Выбрать главу
*

Порой задаешься вопросом: почему Рене Шар, поэт, связанный с нашей судьбой, чувствует себя глубинно близким к имени Гераклита, чью победоносную фигуру, чей «солнечный орлиный взор», «гордый, стойкий и тревожный гений» упоминал и он сам[15], но которого вызывают в памяти, доносят до нас куда более насущным напоминанием многие его произведения, стихотворные сполохи, в которых стихотворение кажется сведенным к резкости чистой вспышки, к разрыву некоего решения.

Быть может, подступиться к ответу нам помогут две мысли Гераклита. Гераклит в некотором роде отвечает здесь Сократу, признавая, что истинная власть языка кроется как раз в том, что превращает безличную речь оракула в угрозу и скандал: «Владыка, чей оракул в Дельфах, ничего не выражает и ничего не скрывает, а указывает». Слово «указывает» возвращается здесь к своей образной силе и превращает слово в безмолвно направленный перст: «указательный палец с оторванным ногтем», каковой, ничего не говоря, ничего не пряча, открывает пространство, открывает его тому, кто открывает себя его приходу. Сократ, несомненно, прав: он взыскует не языка, который ничего не говорит и за которым ничего не скрывается, а надежной, обеспеченной присутствием речи, годной к обмену и для обмена созданной. Речь, на которую он полагается, — это всегда речь о чем-то и речь кого-то, то и другое всегда уже проявлено и присутствует, это никогда не речь начинающаяся. И тем самым обдуманно, с осмотрительностью, которую не стоит недооценивать, он отказывается от любого языка, обращенного к истоку, как от оракула, так и от произведения искусства, наделяющего начало голосом, взывающего к исходному решению.

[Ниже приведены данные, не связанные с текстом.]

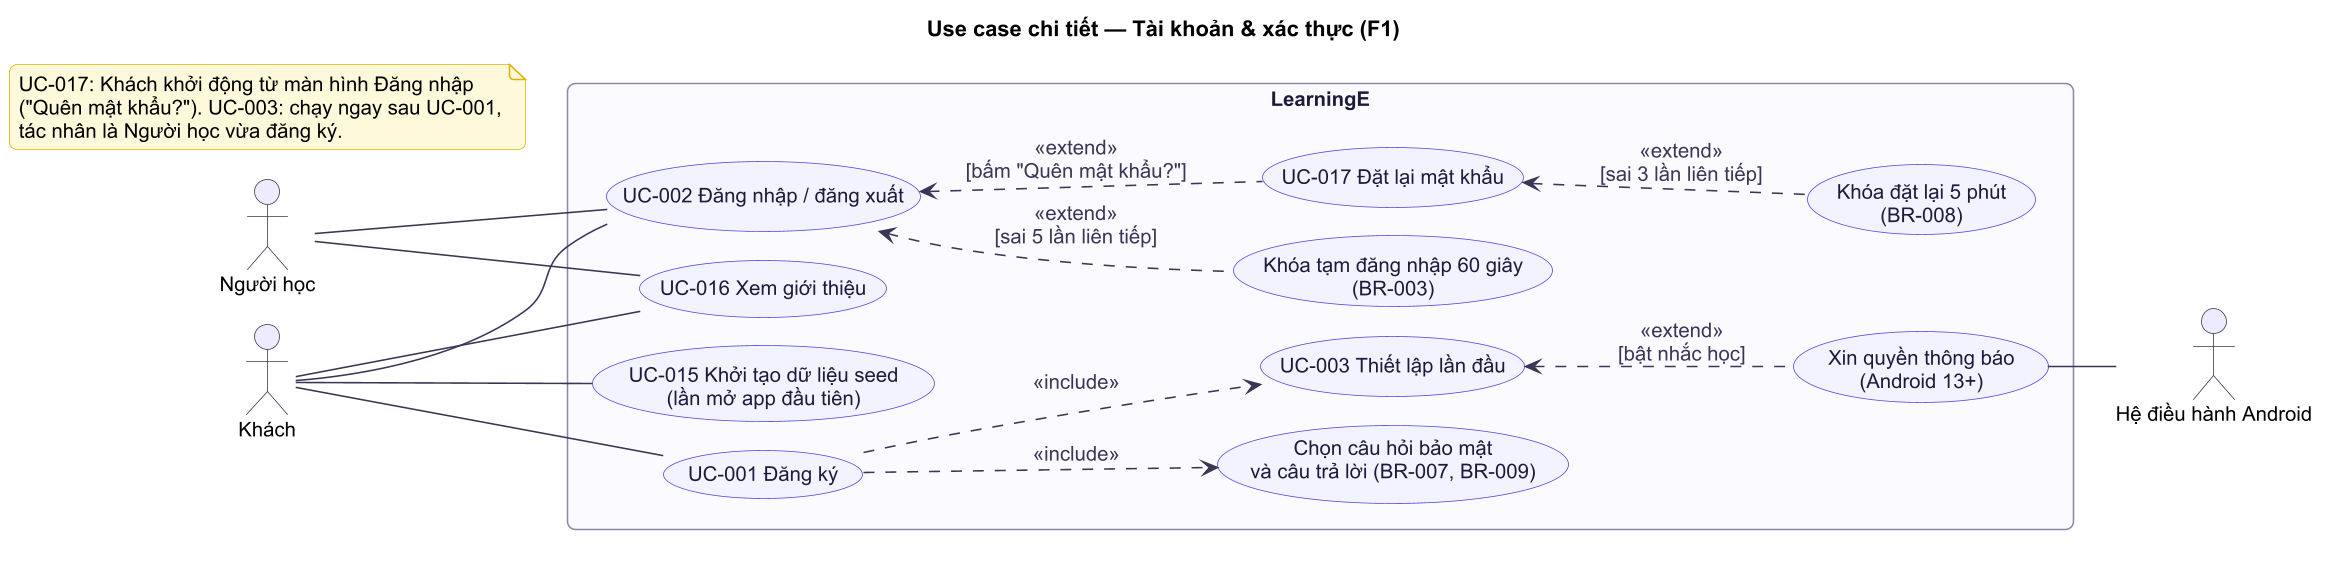

The diagram above was rendered by PlantUML. Its source (embedded in the PNG):
@startuml
!include ../_style.puml
title Use case chi tiết — Tài khoản & xác thực (F1)
left to right direction

actor "Khách" as K
actor "Người học" as N
actor "Hệ điều hành Android" as OS

rectangle "LearningE" {
  usecase "UC-015 Khởi tạo dữ liệu seed\n(lần mở app đầu tiên)" as UC15
  usecase "UC-001 Đăng ký" as UC1
  usecase "Chọn câu hỏi bảo mật\nvà câu trả lời (BR-007, BR-009)" as SQ
  usecase "UC-003 Thiết lập lần đầu" as UC3
  usecase "Xin quyền thông báo\n(Android 13+)" as PERM
  usecase "UC-002 Đăng nhập / đăng xuất" as UC2
  usecase "Khóa tạm đăng nhập 60 giây\n(BR-003)" as LOCK
  usecase "UC-017 Đặt lại mật khẩu" as UC17
  usecase "Khóa đặt lại 5 phút\n(BR-008)" as RLOCK
  usecase "UC-016 Xem giới thiệu" as UC16
}

K -- UC15
K -- UC1
K -- UC2
K -- UC16
N -- UC2
N -- UC16

UC1 ..> SQ : <<include>>
UC1 ..> UC3 : <<include>>
UC3 <.. PERM : <<extend>>\n[bật nhắc học]
UC2 <.. LOCK : <<extend>>\n[sai 5 lần liên tiếp]
UC2 <.. UC17 : <<extend>>\n[bấm "Quên mật khẩu?"]
UC17 <.. RLOCK : <<extend>>\n[sai 3 lần liên tiếp]
PERM -- OS
note as NOTE1
  UC-017: Khách khởi động từ màn hình Đăng nhập
  ("Quên mật khẩu?"). UC-003: chạy ngay sau UC-001,
  tác nhân là Người học vừa đăng ký.
end note
@enduml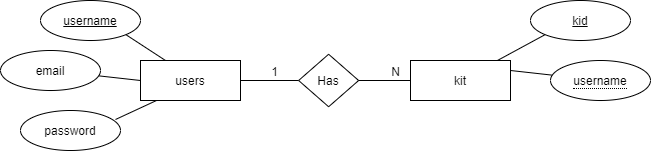

The diagram above was exported from draw.io. Its source (the exported page's mxGraphModel, read from the mxfile embedded in the PNG):
<mxGraphModel dx="862" dy="450" grid="1" gridSize="10" guides="1" tooltips="1" connect="1" arrows="1" fold="1" page="1" pageScale="1" pageWidth="827" pageHeight="1169" math="0" shadow="0">
  <root>
    <mxCell id="0" />
    <mxCell id="1" parent="0" />
    <mxCell id="-dZaKc8E0DCQLVu23XJZ-2" value="users" style="whiteSpace=wrap;html=1;align=center;" parent="1" vertex="1">
      <mxGeometry x="210" y="200" width="100" height="40" as="geometry" />
    </mxCell>
    <mxCell id="-dZaKc8E0DCQLVu23XJZ-3" value="username" style="ellipse;whiteSpace=wrap;html=1;align=center;fontStyle=4;" parent="1" vertex="1">
      <mxGeometry x="110" y="140" width="100" height="40" as="geometry" />
    </mxCell>
    <mxCell id="-dZaKc8E0DCQLVu23XJZ-4" value="email" style="ellipse;whiteSpace=wrap;html=1;align=center;" parent="1" vertex="1">
      <mxGeometry x="70" y="190" width="100" height="40" as="geometry" />
    </mxCell>
    <mxCell id="-dZaKc8E0DCQLVu23XJZ-6" value="" style="endArrow=none;html=1;rounded=0;entryX=0;entryY=0.5;entryDx=0;entryDy=0;" parent="1" source="-dZaKc8E0DCQLVu23XJZ-4" target="-dZaKc8E0DCQLVu23XJZ-2" edge="1">
      <mxGeometry relative="1" as="geometry">
        <mxPoint x="300" y="290" as="sourcePoint" />
        <mxPoint x="460" y="290" as="targetPoint" />
      </mxGeometry>
    </mxCell>
    <mxCell id="-dZaKc8E0DCQLVu23XJZ-7" value="" style="endArrow=none;html=1;rounded=0;entryX=0.25;entryY=0;entryDx=0;entryDy=0;exitX=1;exitY=1;exitDx=0;exitDy=0;" parent="1" source="-dZaKc8E0DCQLVu23XJZ-3" target="-dZaKc8E0DCQLVu23XJZ-2" edge="1">
      <mxGeometry relative="1" as="geometry">
        <mxPoint x="178.17589548149635" y="225.35287727572177" as="sourcePoint" />
        <mxPoint x="220" y="230" as="targetPoint" />
      </mxGeometry>
    </mxCell>
    <mxCell id="-dZaKc8E0DCQLVu23XJZ-8" value="kit" style="whiteSpace=wrap;html=1;align=center;" parent="1" vertex="1">
      <mxGeometry x="480" y="200" width="100" height="40" as="geometry" />
    </mxCell>
    <mxCell id="-dZaKc8E0DCQLVu23XJZ-10" value="kid" style="ellipse;whiteSpace=wrap;html=1;align=center;fontStyle=4;" parent="1" vertex="1">
      <mxGeometry x="600" y="140" width="100" height="40" as="geometry" />
    </mxCell>
    <mxCell id="-dZaKc8E0DCQLVu23XJZ-11" value="" style="endArrow=none;html=1;rounded=0;entryX=0;entryY=1;entryDx=0;entryDy=0;" parent="1" source="-dZaKc8E0DCQLVu23XJZ-8" target="-dZaKc8E0DCQLVu23XJZ-10" edge="1">
      <mxGeometry relative="1" as="geometry">
        <mxPoint x="290" y="250" as="sourcePoint" />
        <mxPoint x="450" y="250" as="targetPoint" />
      </mxGeometry>
    </mxCell>
    <mxCell id="-dZaKc8E0DCQLVu23XJZ-12" value="password" style="ellipse;whiteSpace=wrap;html=1;align=center;" parent="1" vertex="1">
      <mxGeometry x="90" y="250" width="100" height="40" as="geometry" />
    </mxCell>
    <mxCell id="-dZaKc8E0DCQLVu23XJZ-13" value="" style="endArrow=none;html=1;rounded=0;entryX=0.16;entryY=1;entryDx=0;entryDy=0;entryPerimeter=0;exitX=0.95;exitY=0.225;exitDx=0;exitDy=0;exitPerimeter=0;" parent="1" source="-dZaKc8E0DCQLVu23XJZ-12" target="-dZaKc8E0DCQLVu23XJZ-2" edge="1">
      <mxGeometry relative="1" as="geometry">
        <mxPoint x="178.17589548149635" y="225.35287727572177" as="sourcePoint" />
        <mxPoint x="220" y="230" as="targetPoint" />
      </mxGeometry>
    </mxCell>
    <mxCell id="-dZaKc8E0DCQLVu23XJZ-31" value="Has" style="shape=rhombus;perimeter=rhombusPerimeter;whiteSpace=wrap;html=1;align=center;" parent="1" vertex="1">
      <mxGeometry x="368.13" y="193.75" width="60" height="52.5" as="geometry" />
    </mxCell>
    <mxCell id="-dZaKc8E0DCQLVu23XJZ-32" value="" style="endArrow=none;html=1;rounded=0;entryX=0;entryY=0.5;entryDx=0;entryDy=0;exitX=1;exitY=0.5;exitDx=0;exitDy=0;" parent="1" source="-dZaKc8E0DCQLVu23XJZ-2" target="-dZaKc8E0DCQLVu23XJZ-31" edge="1">
      <mxGeometry relative="1" as="geometry">
        <mxPoint x="360" y="280" as="sourcePoint" />
        <mxPoint x="520" y="280" as="targetPoint" />
      </mxGeometry>
    </mxCell>
    <mxCell id="-dZaKc8E0DCQLVu23XJZ-33" value="1" style="resizable=0;html=1;align=right;verticalAlign=bottom;" parent="-dZaKc8E0DCQLVu23XJZ-32" connectable="0" vertex="1">
      <mxGeometry x="1" relative="1" as="geometry">
        <mxPoint x="-20" as="offset" />
      </mxGeometry>
    </mxCell>
    <mxCell id="-dZaKc8E0DCQLVu23XJZ-34" value="" style="endArrow=none;html=1;rounded=0;entryX=0;entryY=0.5;entryDx=0;entryDy=0;exitX=1;exitY=0.5;exitDx=0;exitDy=0;" parent="1" source="-dZaKc8E0DCQLVu23XJZ-31" target="-dZaKc8E0DCQLVu23XJZ-8" edge="1">
      <mxGeometry relative="1" as="geometry">
        <mxPoint x="540" y="360" as="sourcePoint" />
        <mxPoint x="540" y="390" as="targetPoint" />
      </mxGeometry>
    </mxCell>
    <mxCell id="-dZaKc8E0DCQLVu23XJZ-35" value="N" style="resizable=0;html=1;align=right;verticalAlign=bottom;" parent="-dZaKc8E0DCQLVu23XJZ-34" connectable="0" vertex="1">
      <mxGeometry x="1" relative="1" as="geometry">
        <mxPoint x="-10" as="offset" />
      </mxGeometry>
    </mxCell>
    <mxCell id="-dZaKc8E0DCQLVu23XJZ-38" value="&lt;span style=&quot;border-bottom: 1px dotted&quot;&gt;username&lt;/span&gt;" style="ellipse;whiteSpace=wrap;html=1;align=center;" parent="1" vertex="1">
      <mxGeometry x="620" y="200" width="100" height="40" as="geometry" />
    </mxCell>
    <mxCell id="-dZaKc8E0DCQLVu23XJZ-39" value="" style="endArrow=none;html=1;rounded=0;exitX=1;exitY=0.25;exitDx=0;exitDy=0;" parent="1" source="-dZaKc8E0DCQLVu23XJZ-8" target="-dZaKc8E0DCQLVu23XJZ-38" edge="1">
      <mxGeometry relative="1" as="geometry">
        <mxPoint x="576.9160937134593" y="210" as="sourcePoint" />
        <mxPoint x="624.6446609406726" y="184.14213562373118" as="targetPoint" />
      </mxGeometry>
    </mxCell>
  </root>
</mxGraphModel>

Язык, на котором говорит исток, — по сути своей язык пророческий. Это не означает, что он диктует последующие события, это значит, что он не опирается на что-то, что уже есть, — ни на какую-то текущую истину, ни на единственный уже проговоренный или проверенный язык. Он предвещает, потому что начинает. Он указывает на грядущее, потому что еще не говорит: язык будущего, поскольку сам как бы будущий язык, который все время себя опережает, обретая свой смысл и законность впереди себя, то есть будучи по существу неоправданным. Именно такова безрассудная мудрость Сивиллы, заставляющая слышать себя на протяжении тысячи лет, поскольку она никогда не слышится теперь; и этот язык, который открывает длительность, который порывает и прорывается, неулыбчив, непригляден и лишен прикрас — сама обнаженность первичной речи: «Сивилла, та, что пенящимся ртом, доносит лишенные приятности речи, без украшений и прикрас, не дает стихнуть своим оракулам на протяжении тысячи лет, ибо вдохновлена богом».

*

Если мы сочтем полезным выявить в общих чертах силу стихотворения, каким оно высвечивается в творчестве Рене Шара, достаточно, наверное, сказать, что оно и есть эта будущая речь, безличная и всегда еще грядущая, в которой решением начинающегося языка нам тем не менее исподволь говорится о том, что разыгрывается в самой близкой и самой непосредственной для нас судьбе. Это в полном смысле слова песнь предчувствия, обещания и пробуждения — не то чтобы оно поет о том, что случится завтра, или в нем в точности открывается грядущее, счастливое или несчастное, — но в пространстве, которое удерживается предчувствием, оно крепко привязывает речь к взлету и, через взлет речи, крепко удерживает пришествие некоего более широкого горизонта, утверждение первого дня. Грядущее редкостно, и не всякий наступающий день — день начинающийся. Еще редкостнее речь, которая в своей тишине составляет запас для речи грядущей и обращает нас, пусть и совсем вблизи нашего конца, к силе начала. В каждом из сочинений Рене Шара мы слышим, как поэзия произносит клятву, которая в тревоге и неуверенности соединяет ее с ее собственным грядущим, обязывает ее говорить лишь исходя из этого грядущего, дабы наперед придать сему пришествию твердость и обещание своей речи.

вернуться

15

В предисловии к новым переводам фрагментов Гераклита Эфесского, выполненным Ивом Баттистини и изданным в Cahiers d’Art (1948).